Let $A$ be a category with finite limits and $T$ is an object of $A$. It is clear that a product $X\times T$ becomes an object over $T$ via the projection $\pi_2 : X\times T\rightarrow T$. This induces a functor $T^*:A\rightarrow A/T$ which is clearly right adjoint of the forgetful functor $\Sigma_T :A/T\rightarrow A$.

Now the Proposition 1.1 states: A functor $F:B\to A/T$ has a right adjoint if and only if $\Sigma_T \circ F$ has a right adjoint.

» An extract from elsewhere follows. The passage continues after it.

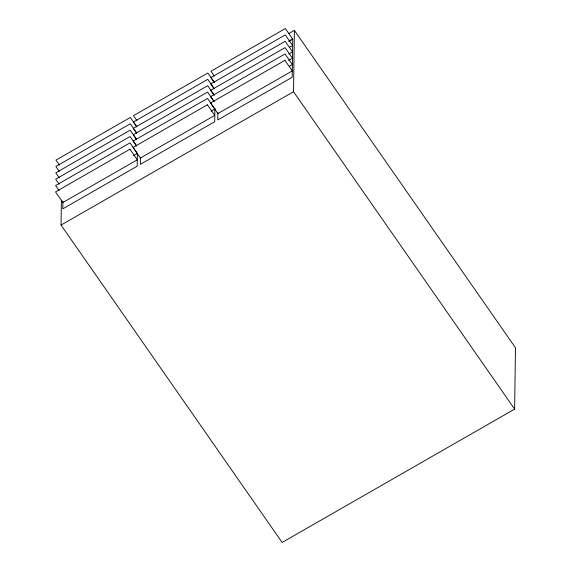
<?xml version="1.0" encoding="UTF-8"?>
<svg xmlns="http://www.w3.org/2000/svg" width="571" height="571" viewBox="0 0 571 571"><rect width="100%" height="100%" fill="white"/><g stroke="black" fill="none" stroke-linecap="round" stroke-linejoin="round"><path stroke-width="0.86" d="M288.983 33.482L294.386 30.377L515.477 347.76L514.621 409.107L282.131 542.45L61.04 225.067L61.39 200.178M62.903 201.713L62.803 208.843L137.204 166.175L137.375 153.692M140.402 157.261L140.302 164.398L214.696 121.723L214.889 108.354M217.901 112.815L217.801 119.946L292.195 77.278L292.73 38.935L288.897 41.141M514.621 409.107L293.53 91.724L294.386 30.377M288.897 41.326L292.73 39.128L285.357 28.55L210.963 71.218L214.403 76.157M289.576 47.25L292.637 45.487L285.272 34.91L210.87 77.577L214.311 82.517M288.719 54.045L292.552 51.847L285.179 41.269L210.785 83.937L214.225 88.876M288.626 60.405L292.466 58.206L285.093 47.621L210.699 90.297L214.132 95.229M133.543 155.655L137.383 153.456L130.01 142.878L55.615 185.546L59.049 190.486M211.042 111.209L214.874 109.011L207.509 98.433L133.107 141.101L136.548 146.04M289.304 66.322L292.373 64.559L285.008 53.981L210.606 96.649L214.046 101.588M61.04 225.067L293.53 91.724M214.246 82.167L207.865 72.995L133.464 115.67L136.904 120.602M213.668 87.82L207.773 79.355L133.378 122.023L136.819 126.962M214.075 94.886L207.687 85.714L133.286 128.382L136.726 133.321M213.982 101.238L207.594 92.074L133.2 134.742L136.64 139.681M136.755 126.612L130.366 117.448L55.965 160.116L59.405 165.055M136.662 132.972L130.274 123.807L55.879 166.475L59.32 171.414M136.576 139.331L130.188 130.159L55.787 172.835L59.227 177.767M135.998 144.984L130.095 136.519L55.701 179.187L59.141 184.126M129.924 149.238L55.523 191.906L62.896 202.484L137.29 159.816L129.924 149.238M207.416 104.786L133.022 147.461L140.387 158.039L214.789 115.371L207.416 104.786M284.915 60.34L210.521 103.008L217.886 113.586L292.288 70.918L284.915 60.34"/></g></svg>

To prove that if $\Sigma_T \circ F$ has a right adjoint then $F$ has a right adjoint the author argues: Suppose $\Sigma_T \circ F\dashv G'$, For $X$ object of $B$, let $\sigma_X:X\to G'T$ be the right adjunct of $FX$ considered as morphism $\Sigma_T(FX)\to T$. Then, if $f:X\to X'$ is a morphism of $B$, the diagram $\require{AMScd}$ \begin{CD} X @>f>> X' \\ @V \sigma_X VV= @VV \sigma_{X'} V\\ G'T @>>id_{G'T}> G'T \end{CD} commutes.

I stuck on this: WHY THE DIAGRAM COMMUTES?

Then using naturality (since the commutation of the above diagram means that $\sigma$ is a natural transformation) the author just builds the right adjoint $G$ for $F$ as equalizer of

$G'p_Y :G'Y\to G'T$

and

$\sigma _{G'Y}:G'Y\to G'T$

where $p_Y: Y\to T$ is an object of $A/T$.

My Question is why the diagram commutes. Thanks in advance.

If $f:X \to X'$ is a morphism, then we have an induced morphism $F(f) : F(X) \to F(X')$. By definition of $A/T$, this is a commutative diagram
$\require{AMScd}$ \begin{CD} \Sigma_T(F(X)) @>\Sigma_T(F(f))>> \Sigma_T(F(X')) \\ @V VV @VV V\\ T @>\mathrm{id}>> T \end{CD}